Adjacent to the atrium is an assignable room for collaborative engineering work—a glass-enclosed maker space of about 750 sf, full of hand tools and 3-D printers. “So far, I would say that it has been organized chaos, which is kind of what we hoped for,” says Goering. “It has been very well used.” In one semester, it was used primarily by two groups of students, one designing a new kind of wheelchair and one working on a lightweight aircraft. They were able to work around each other and got along fine, says Goering.

The new machine shop is centrally located on the first floor, with several overhead doors entering into the high bay. Adjacent to the machine shop are two engineering special projects labs, which are essentially maker spaces; the civil engineering students will likely commandeer one of those rooms for the bridge construction project. There is also an adjacent wood shop, welding shop, and a small foundry, as well as a large plasma cutter.

The building is also equipped with a state-of-the-art cold room complex in the basement, including one ultra-cold room that is capable of maintaining a constant minus 55 degrees Celsius to within a fraction of a degree. That can be used to research the issue of icing on aircraft, for example, and Goering is contemplating research in traction strategies.

All of the labs in the new building are “flex labs,” strategically named so that no one department or team can lay claim to them. “We didn’t want to give anyone the idea that it was their space,” says Goering.

The NASA Space Grant Program, however, has been associated with the university for 20 years and will likely “own” its own lab, which was expanded in the new building to accommodate payload and CubeSat (miniature satellite) testing. Adjacent office space is available for faculty and graduate students working with the program.

Collaborative Research and Student Work Areas

The building is designed to facilitate collaboration, and to be flexible for changing requirements. Every floor has multiple informal student study areas, some of which are glassed in for group study and some are open. Each is outfitted with projection capabilities using ShareLinkTM technology. Student spaces and classrooms are equipped to project onto screens from tablets, laptops, and handheld devices.

Classroom furniture can easily be rearranged to support a “flipped” classroom. Tables in the new building are on casters. There are two large screens in the front of the classroom, and the walls are lined with hanging monitors connected wirelessly.  There are no computers in the classrooms, because students typically own their own laptop and tablet.

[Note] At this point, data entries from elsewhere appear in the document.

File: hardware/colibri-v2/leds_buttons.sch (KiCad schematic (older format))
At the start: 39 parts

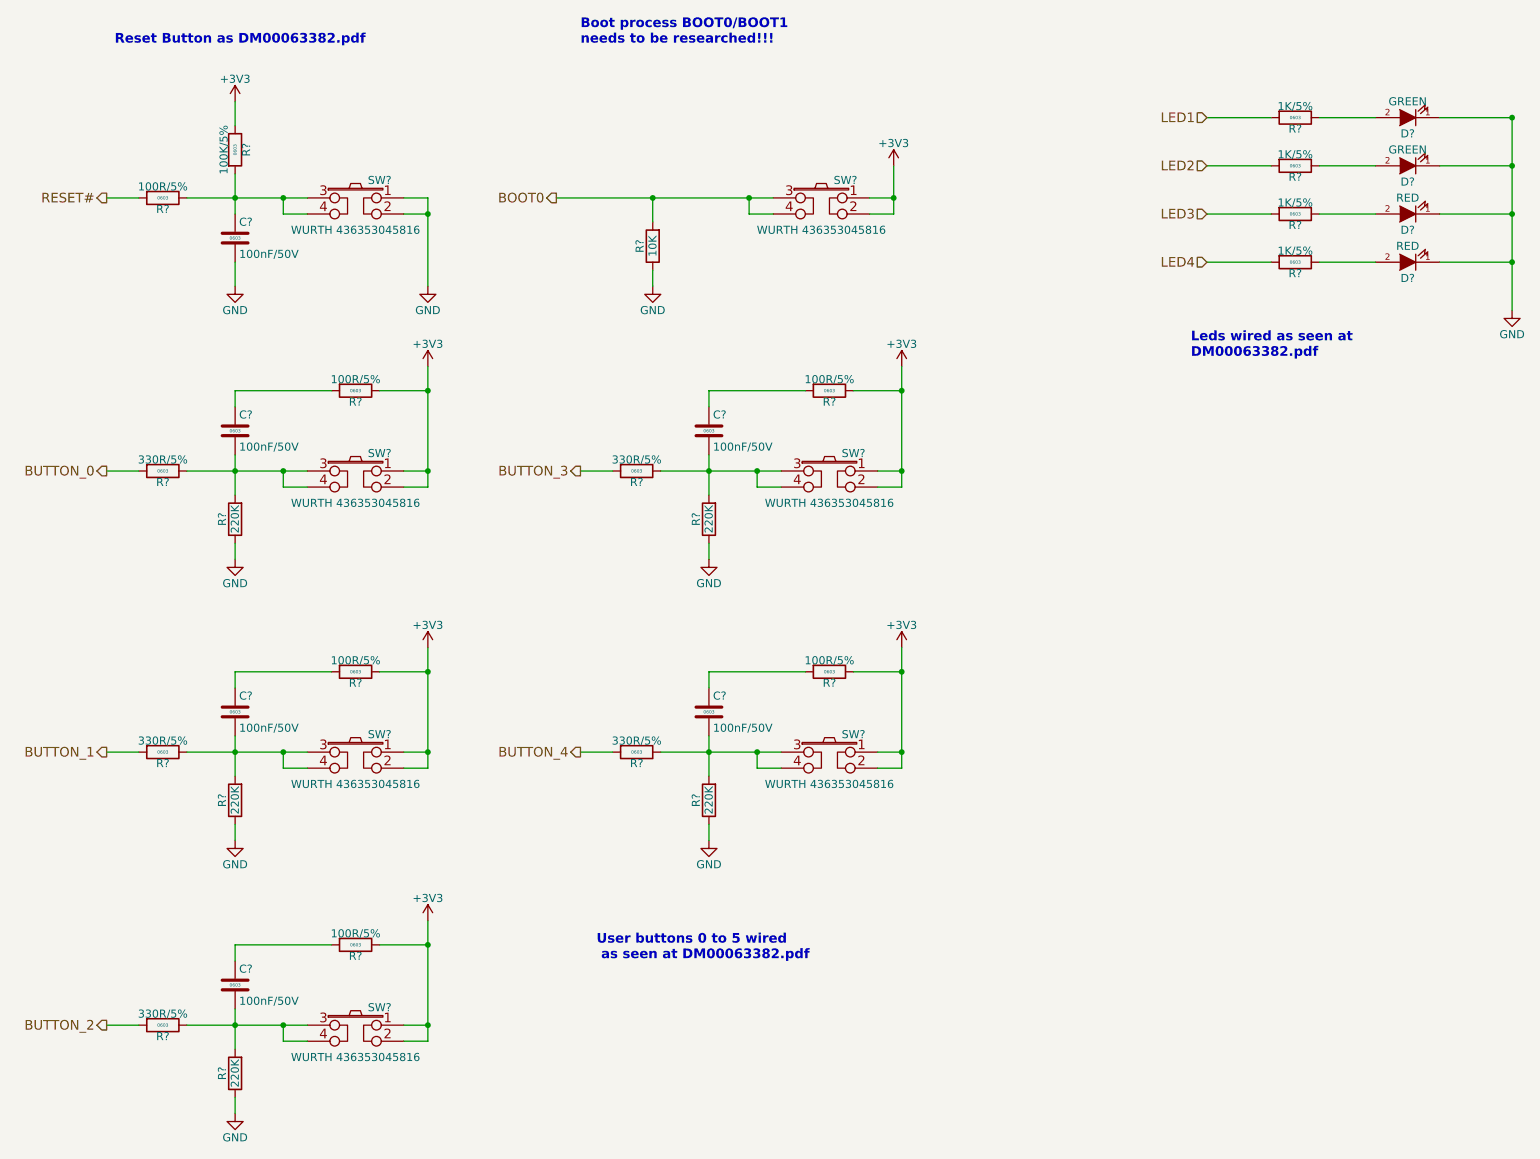
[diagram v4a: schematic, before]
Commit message: Worn on USB OTG connection for the cortex MCU
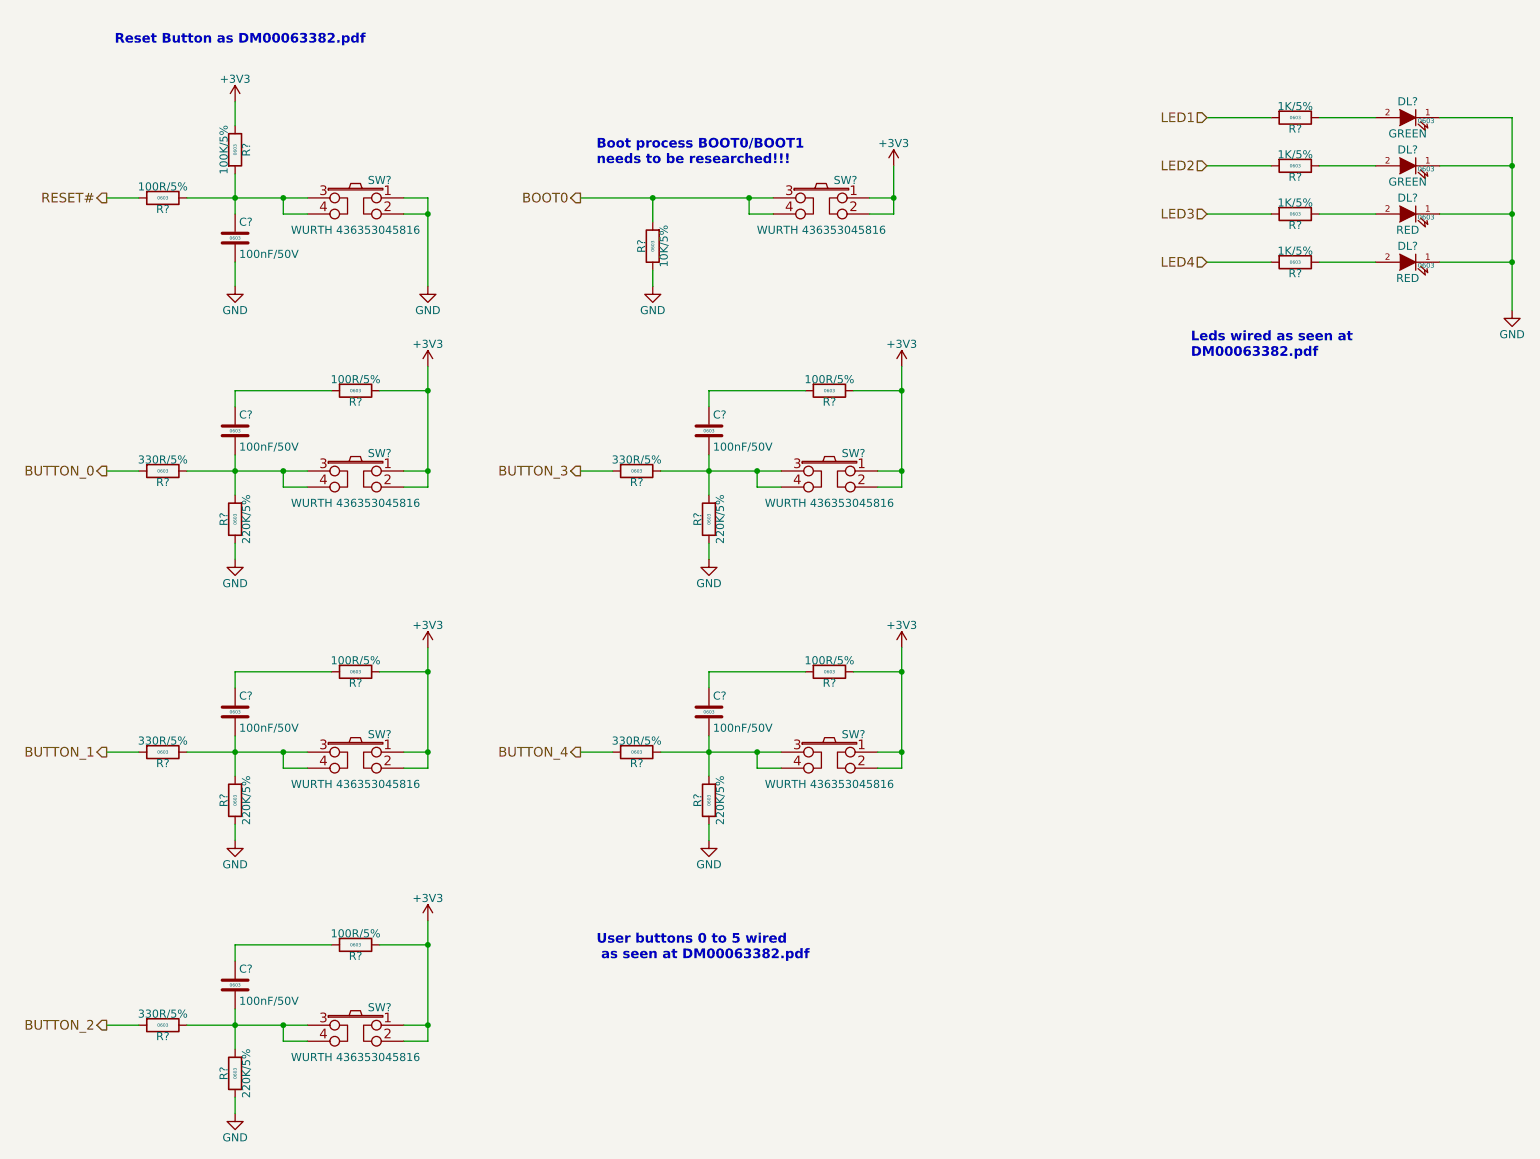
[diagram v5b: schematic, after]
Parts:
- removed D? (x2): GREEN, symbol LED
- removed D? (x2): RED, symbol LED
- removed R?: 10K, Resistors_SMD:R_0603, symbol R
- removed R? (x5): 220K, Resistors_SMD:R_0603, symbol R
- added DL? (x2): GREEN, LEDs:LED-0603, symbol LED_SMT
- added DL? (x2): RED, LEDs:LED-0603, symbol LED_SMT
- added R? (x5): 220K/5%, Resistors_SMD:R_0603, symbol R_SMT
- added R?: 10K/5%, Resistors_SMD:R_0603, symbol R_SMT
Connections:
- net BOOT0: now also R?.2
- net GND: now also DL?.1 (K), DL?.1 (K), DL?.1 (K), DL?.1 (K), R?.1, R?.1, R?.1, R?.1, R?.1, R?.1
- net at R?.1: now also DL?.2 (A) (x4)
- net at C?.2, R?.1, SW?.3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: now also R?.2 (x5)
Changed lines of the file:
@@
 Text HLabel 1350 1700 0    60   Output ~ 0
 RESET#
-$Comp
-L LED D?
-U 1 1 55862ED2
-P 9450 1200
-F 0 "D?" H 9450 1300 50  0000 C CNN
-F 1 "GREEN" H 9450 1100 50  0000 C CNN
-F 2 "" H 9450 1200 60  0001 C CNN
-F 3 "" H 9450 1200 60  0000 C CNN
-	1    9450 1200
-	-1   0    0    1
-$EndComp
-$Comp
-L LED D?
-U 1 1 55863115
-P 9450 1500
-F 0 "D?" H 9450 1600 50  0000 C CNN
-F 1 "GREEN" H 9450 1400 50  0000 C CNN
-F 2 "" H 9450 1500 60  0001 C CNN
-F 3 "" H 9450 1500 60  0000 C CNN
-	1    9450 1500
-	-1   0    0    1
-$EndComp
-$Comp
-L LED D?
-U 1 1 55863212
-P 9450 1800
-F 0 "D?" H 9450 1900 50  0000 C CNN
-F 1 "RED" H 9450 1700 50  0000 C CNN
-F 2 "" H 9450 1800 60  0001 C CNN
-F 3 "" H 9450 1800 60  0000 C CNN
-	1    9450 1800
-	-1   0    0    1
-$EndComp
-$Comp
-L LED D?
-U 1 1 558632D0
-P 9450 2100
-F 0 "D?" H 9450 2200 50  0000 C CNN
-F 1 "RED" H 9450 2000 50  0000 C CNN
-F 2 "" H 9450 2100 60  0001 C CNN
-F 3 "" H 9450 2100 60  0000 C CNN
-	1    9450 2100
-	-1   0    0    1
-$EndComp
 Text HLabel 8200 1200 0    60   Input ~ 0
 LED1
@@
 	1    0    0    -1
 $EndComp
-Text HLabel 4150 1700 0    60   Output ~ 0
+Text HLabel 4300 1700 0    60   Output ~ 0
 BOOT0
-$Comp
-L R R?
-U 1 1 5622C644
-P 4750 2000
-F 0 "R?" V 4830 2000 50  0000 C CNN
-F 1 "10K" V 4750 2000 50  0000 C CNN
-F 2 "Resistors_SMD:R_0603" V 4680 2000 30  0001 C CNN
-F 3 "" H 4750 2000 30  0000 C CNN
-	1    4750 2000
-	-1   0    0    1
-$EndComp
 $Comp
 L GND #PWR?
@@
 $EndComp
 Wire Wire Line
-	3350 2250 3350 1700
+	3350 1700 3350 2250
 Wire Wire Line
 	3350 1700 3200 1700
-Wire Wire Line
-	10100 1200 9650 1200
 Wire Wire Line
 	9650 1500 10100 1500
@@
 Wire Wire Line
 	1850 1700 2600 1700
-Connection ~ 10100 1200
 Wire Wire Line
 	6100 1700 6250 1700
@@
 	6250 1500 6250 1800
 Wire Wire Line
-	4150 1700 5500 1700
+	4300 1700 5500 1700
 Wire Wire Line
 	4750 1850 4750 1700
@@
 	1    0    0    -1
 $EndComp
-Text Notes 4300 750  0    60   ~ 12
-Boot process BOOT0/BOOT1\nneeds to be researched!!!
 $Comp
 L R_SMT R?
@@
 	1    0    0    -1
 $EndComp
-$Comp
-L R R?
-U 1 1 5628979B
-P 2150 5450
-F 0 "R?" V 2230 5450 50  0000 C CNN
-F 1 "220K" V 2150 5450 50  0000 C CNN
-F 2 "Resistors_SMD:R_0603" V 2080 5450 30  0001 C CNN
-F 3 "" H 2150 5450 30  0000 C CNN
-	1    2150 5450
-	-1   0    0    1
-$EndComp
 Wire Wire Line
 	2150 5700 2150 5600
@@
 	1    0    0    -1
 $EndComp
-$Comp
-L R R?
-U 1 1 5628DEFD
-P 2150 3700
-F 0 "R?" V 2230 3700 50  0000 C CNN
-F 1 "220K" V 2150 3700 50  0000 C CNN
-F 2 "Resistors_SMD:R_0603" V 2080 3700 30  0001 C CNN
-F 3 "" H 2150 3700 30  0000 C CNN
-	1    2150 3700
-	-1   0    0    1
-$EndComp
 Wire Wire Line
 	2150 3950 2150 3850
@@
 	1    0    0    -1
 $EndComp
-$Comp
-L R R?
-U 1 1 5628E114
-P 2150 7150
-F 0 "R?" V 2230 7150 50  0000 C CNN
-F 1 "220K" V 2150 7150 50  0000 C CNN
-F 2 "Resistors_SMD:R_0603" V 2080 7150 30  0001 C CNN
-F 3 "" H 2150 7150 30  0000 C CNN
-	1    2150 7150
-	-1   0    0    1
-$EndComp
 Wire Wire Line
 	2150 7400 2150 7300
@@
 	1    0    0    -1
 $EndComp
-$Comp
-L R R?
-U 1 1 5628E321
-P 5100 3700
-F 0 "R?" V 5180 3700 50  0000 C CNN
-F 1 "220K" V 5100 3700 50  0000 C CNN
-F 2 "Resistors_SMD:R_0603" V 5030 3700 30  0001 C CNN
-F 3 "" H 5100 3700 30  0000 C CNN
-	1    5100 3700
-	-1   0    0    1
-$EndComp
 Wire Wire Line
 	5100 3950 5100 3850
@@
 	1    0    0    -1
 $EndComp
-$Comp
-L R R?
-U 1 1 5628E52E
-P 5100 5450
-F 0 "R?" V 5180 5450 50  0000 C CNN
-F 1 "220K" V 5100 5450 50  0000 C CNN
-F 2 "Resistors_SMD:R_0603" V 5030 5450 30  0001 C CNN
-F 3 "" H 5100 5450 30  0000 C CNN
-	1    5100 5450
-	-1   0    0    1
-$EndComp
 Wire Wire Line
 	5100 5700 5100 5600
@@
 	2450 1800 2450 1700
 Connection ~ 2450 1700
+$Comp
+L R_SMT R?
+U 1 1 5631C3FC
+P 2150 3700
+F 0 "R?" V 2220 3700 50  0000 C CNN
+F 1 "220K/5%" V 2080 3700 50  0000 C CNN
+F 2 "Resistors_SMD:R_0603" V 2300 3700 30  0001 C CNN
+F 3 "" V 2230 3700 30  0000 C CNN
+F 4 "0603" V 2150 3700 20  0000 C CNN "SMT"
+F 5 "9331930" V 2350 3700 30  0001 C CNN "Part"
+F 6 "Farnell" V 2400 3700 30  0001 C CNN "Provider"
+	1    2150 3700
+	-1   0    0    1
+$EndComp
+$Comp
+L R_SMT R?
+U 1 1 5631C8F8
+P 2150 5450
+F 0 "R?" V 2220 5450 50  0000 C CNN
+F 1 "220K/5%" V 2080 5450 50  0000 C CNN
+F 2 "Resistors_SMD:R_0603" V 2300 5450 30  0001 C CNN
+F 3 "" V 2230 5450 30  0000 C CNN
+F 4 "0603" V 2150 5450 20  0000 C CNN "SMT"
+F 5 "9331930" V 2350 5450 30  0001 C CNN "Part"
+F 6 "Farnell" V 2400 5450 30  0001 C CNN "Provider"
+	1    2150 5450
+	-1   0    0    1
+$EndComp
+$Comp
+L R_SMT R?
+U 1 1 5631CA2A
+P 2150 7150
+F 0 "R?" V 2220 7150 50  0000 C CNN
+F 1 "220K/5%" V 2080 7150 50  0000 C CNN
+F 2 "Resistors_SMD:R_0603" V 2300 7150 30  0001 C CNN
+F 3 "" V 2230 7150 30  0000 C CNN
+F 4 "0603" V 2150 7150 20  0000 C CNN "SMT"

Teaching labs also are design to be adaptable: Lab benches are connected via ceiling panels, with overhead utilities, and flexible lighting, hoods, and snorkels for chemical and bench work. The chemical engineering lab, for example, is being used to teach other classes until chemical engineering is added to the program.

For collaborative research, the building features open research suites on floors two and three, each including six separate assignable research bays. The main part of the lab is fitted out with all mobile and adjustable casework, with the exception of the fixed support areas—sink, prep, and storage—along the inside wall. As in the teaching labs, utilities drop down from the ceiling, and not all benches are equipped with hoods and snorkels.

“I suspect with engineering research the way it is that some of those benches are going to be almost immediately removed,” says Goering. “We have a civil engineer with funding from the federal Department of Transportation to look at transportation safety. He wants to build a 3D visualization system, and he doesn’t need a lab bench for that. He needs a big space for screens and a visualization system.”

Sustainability Features

The temperature in Fairbanks can fluctuate by nearly 100 degrees Fahrenheit over the course of just a few days, so energy efficiency is critical with the new building. The location itself offers some relief, with two if its “outside” walls erected up against the adjacent buildings.

The building uses slab heat, harnessing waste heat captured from the power plant at 100 degrees Fahrenheit. That is not hot enough for a standard heating system, but a slab heat system can make use of low-temperature waste heat. The power supply is supplemented with 12,000 kWh per year from a solar array installed on the south wall.